## What is expected
Nothing but the lines holding the string "units" should appear in the answer. Copy them from the entries.

[Recorded data]
------------
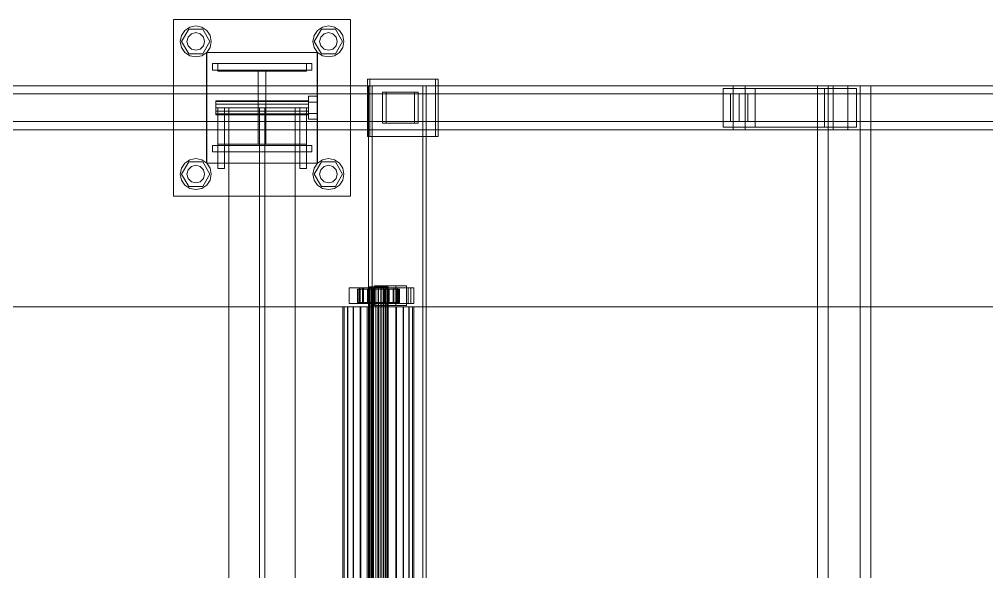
# Model space of a CAD drawing. Header units: millimetres. Extents: x -191664 to 191490, y -197311 to 10263.
# Drawn here: x 30266 to 31141, y -17990 to -17490 of the extents above; entities that cross this region are included whole.
import ezdxf

# ---------------------------------------------------------------- set-up
doc = ezdxf.new("R2010")
doc.units = ezdxf.units.MM
doc.layers.add('superior_C03', color=7, linetype='Continuous', lineweight=0)

msp = doc.modelspace()

# ---------------------------------------------------------------- linework, layer by layer
at = {"layer": 'superior_C03', "color": 251, "true_color": 0x4e626d}
for p, q in [((30405.7, -17650), (30405.7, -17490)), ((30405.7, -17490), (30565.7, -17490)), ((30565.7, -17490), (30565.7, -17650)), ((30435.43, -17620), (30435.43, -17520)), ((30435.43, -17520), (30535.43, -17520)), ((30435.7, -17620), (30435.7, -17520)), ((30435.7, -17520), (30535.7, -17520)), ((30535.43, -17520), (30535.43, -17620)), ((30535.7, -17520), (30535.7, -17620)), ((30440.7, -17530), (30530.7, -17530)), ((30440.7, -17536), (30440.7, -17530)), ((30440.7, -17536), (30530.7, -17536)), ((30530.7, -17536), (30530.7, -17530)), ((30445.7, -17570), (30445.7, -17625)), ((30445.7, -17570), (30451.7, -17570)), ((30451.7, -17570), (30451.7, -17625)), ((30519.7, -17570), (30519.7, -17625)), ((30519.7, -17570), (30525.7, -17570)), ((30525.7, -17570), (30525.7, -17625)), ((30440.7, -17604), (30530.7, -17604)), ((30440.7, -17610), (30440.7, -17604)), ((30530.7, -17610), (30530.7, -17604)), ((30440.7, -17610), (30530.7, -17610)), ((30535.43, -17620), (30435.43, -17620)), ((30535.7, -17620), (30435.7, -17620)), ((30445.7, -17625), (30451.7, -17625)), ((30519.7, -17625), (30525.7, -17625)), ((30565.7, -17650), (30405.7, -17650))]:
    msp.add_line(p, q, dxfattribs=at)
at = {"layer": 'superior_C03', "color": 9, "true_color": 0xaebcc4}
for p, q in [((30412.77, -17504.64), (30415.8, -17500.1)), ((30412.9, -17510), (30419.3, -17498.91)), ((30415.8, -17500.1), (30420.35, -17497.07)), ((30419.3, -17498.91), (30432.1, -17498.91)), ((30420.35, -17497.07), (30425.7, -17496)), ((30421.7, -17503.07), (30425.7, -17502)), ((30425.7, -17496), (30431.06, -17497.07)), ((30425.7, -17502), (30429.7, -17503.07)), ((30431.06, -17497.07), (30435.6, -17500.1)), ((30432.1, -17498.91), (30438.5, -17510)), ((30435.6, -17500.1), (30438.64, -17504.64)), ((30532.77, -17504.64), (30535.8, -17500.1)), ((30532.9, -17510), (30539.3, -17498.91)), ((30535.8, -17500.1), (30540.35, -17497.07)), ((30539.3, -17498.91), (30552.1, -17498.91)), ((30540.35, -17497.07), (30545.7, -17496)), ((30541.7, -17503.07), (30545.7, -17502)), ((30545.7, -17496), (30551.06, -17497.07)), ((30545.7, -17502), (30549.7, -17503.07)), ((30551.06, -17497.07), (30555.6, -17500.1)), ((30552.1, -17498.91), (30558.5, -17510)), ((30555.6, -17500.1), (30558.64, -17504.64)), ((30411.7, -17510), (30412.77, -17504.64)), ((30412.77, -17515.36), (30411.7, -17510)), ((30419.3, -17521.09), (30412.9, -17510)), ((30417.7, -17510), (30418.78, -17506)), ((30418.78, -17514), (30417.7, -17510)), ((30418.78, -17506), (30421.7, -17503.07)), ((30429.7, -17503.07), (30432.63, -17506)), ((30438.5, -17510), (30432.1, -17521.09)), ((30432.63, -17506), (30433.7, -17510)), ((30433.7, -17510), (30432.63, -17514)), ((30438.64, -17504.64), (30439.7, -17510)), ((30439.7, -17510), (30438.64, -17515.36)), ((30531.7, -17510), (30532.77, -17504.64)), ((30532.77, -17515.36), (30531.7, -17510)), ((30539.3, -17521.09), (30532.9, -17510)), ((30537.7, -17510), (30538.78, -17506)), ((30538.78, -17514), (30537.7, -17510)), ((30538.78, -17506), (30541.7, -17503.07)), ((30549.7, -17503.07), (30552.63, -17506)), ((30558.5, -17510), (30552.1, -17521.09)), ((30552.63, -17506), (30553.7, -17510)), ((30553.7, -17510), (30552.63, -17514)), ((30558.64, -17504.64), (30559.7, -17510)), ((30559.7, -17510), (30558.64, -17515.36)), ((30415.8, -17519.9), (30412.77, -17515.36)), ((30420.35, -17522.93), (30415.8, -17519.9)), ((30421.7, -17516.93), (30418.78, -17514)), ((30425.7, -17518), (30421.7, -17516.93)), ((30429.7, -17516.93), (30425.7, -17518)), ((30432.63, -17514), (30429.7, -17516.93)), ((30435.6, -17519.9), (30431.06, -17522.93)), ((30438.64, -17515.36), (30435.6, -17519.9)), ((30535.8, -17519.9), (30532.77, -17515.36)), ((30540.35, -17522.93), (30535.8, -17519.9)), ((30541.7, -17516.93), (30538.78, -17514)), ((30545.7, -17518), (30541.7, -17516.93)), ((30549.7, -17516.93), (30545.7, -17518)), ((30552.63, -17514), (30549.7, -17516.93)), ((30555.6, -17519.9), (30551.06, -17522.93)), ((30558.64, -17515.36), (30555.6, -17519.9)), ((30432.1, -17521.09), (30419.3, -17521.09)), ((30425.7, -17524), (30420.35, -17522.93)), ((30431.06, -17522.93), (30425.7, -17524)), ((30552.1, -17521.09), (30539.3, -17521.09)), ((30545.7, -17524), (30540.35, -17522.93)), ((30551.06, -17522.93), (30545.7, -17524)), ((30443.7, -17564.46), (30443.7, -17563.6)), ((30527.7, -17563.6), (30443.7, -17563.6)), ((30527.7, -17564.8), (30527.7, -17559.6)), ((30535.7, -17559.6), (30527.7, -17559.6)), ((30527.7, -17563.6), (30527.7, -17564.46)), ((30535.7, -17559.6), (30535.7, -17564.8)), ((30443.7, -17564.46), (30443.7, -17566.8)), ((30443.7, -17564.46), (30527.7, -17564.46)), ((30443.7, -17566.8), (30443.7, -17570)), ((30443.7, -17566.8), (30527.7, -17566.8)), ((30443.7, -17570), (30443.7, -17573.2)), ((30443.7, -17570), (30527.7, -17570)), ((30527.7, -17564.46), (30527.7, -17566.8)), ((30527.7, -17564.8), (30527.7, -17575.2)), ((30527.7, -17564.8), (30535.7, -17564.8)), ((30527.7, -17566.8), (30527.7, -17570)), ((30527.7, -17570), (30527.7, -17573.2)), ((30535.7, -17564.8), (30535.7, -17575.2)), ((30443.7, -17573.2), (30443.7, -17575.54)), ((30443.7, -17573.2), (30527.7, -17573.2)), ((30443.7, -17575.54), (30443.7, -17576.4)), ((30443.7, -17575.54), (30527.7, -17575.54)), ((30443.7, -17576.4), (30527.7, -17576.4)), ((30527.7, -17573.2), (30527.7, -17575.54)), ((30527.7, -17575.2), (30527.7, -17580.4)), ((30527.7, -17575.2), (30535.7, -17575.2)), ((30527.7, -17575.54), (30527.7, -17576.4)), ((30527.7, -17580.4), (30535.7, -17580.4)), ((30535.7, -17575.2), (30535.7, -17580.4)), ((30420.35, -17617.07), (30425.7, -17616)), ((30425.7, -17616), (30431.06, -17617.07)), ((30540.35, -17617.07), (30545.7, -17616)), ((30545.7, -17616), (30551.06, -17617.07)), ((30411.7, -17630), (30412.77, -17624.64)), ((30412.77, -17624.64), (30415.8, -17620.1)), ((30412.9, -17630), (30419.3, -17618.91)), ((30415.8, -17620.1), (30420.35, -17617.07)), ((30418.78, -17626), (30421.7, -17623.07)), ((30419.3, -17618.91), (30432.1, -17618.91)), ((30421.7, -17623.07), (30425.7, -17622)), ((30425.7, -17622), (30429.7, -17623.07)), ((30429.7, -17623.07), (30432.63, -17626)), ((30431.06, -17617.07), (30435.6, -17620.1)), ((30432.1, -17618.91), (30438.5, -17630)), ((30435.6, -17620.1), (30438.64, -17624.64)), ((30438.64, -17624.64), (30439.7, -17630)), ((30531.7, -17630), (30532.77, -17624.64)), ((30532.77, -17624.64), (30535.8, -17620.1)), ((30532.9, -17630), (30539.3, -17618.91)), ((30535.8, -17620.1), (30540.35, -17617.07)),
------------
## Output of the task
# Model space of a CAD drawing. Header units: millimetres. Extents: x -191664 to 191490, y -197311 to 10263.
doc.units = ezdxf.units.MM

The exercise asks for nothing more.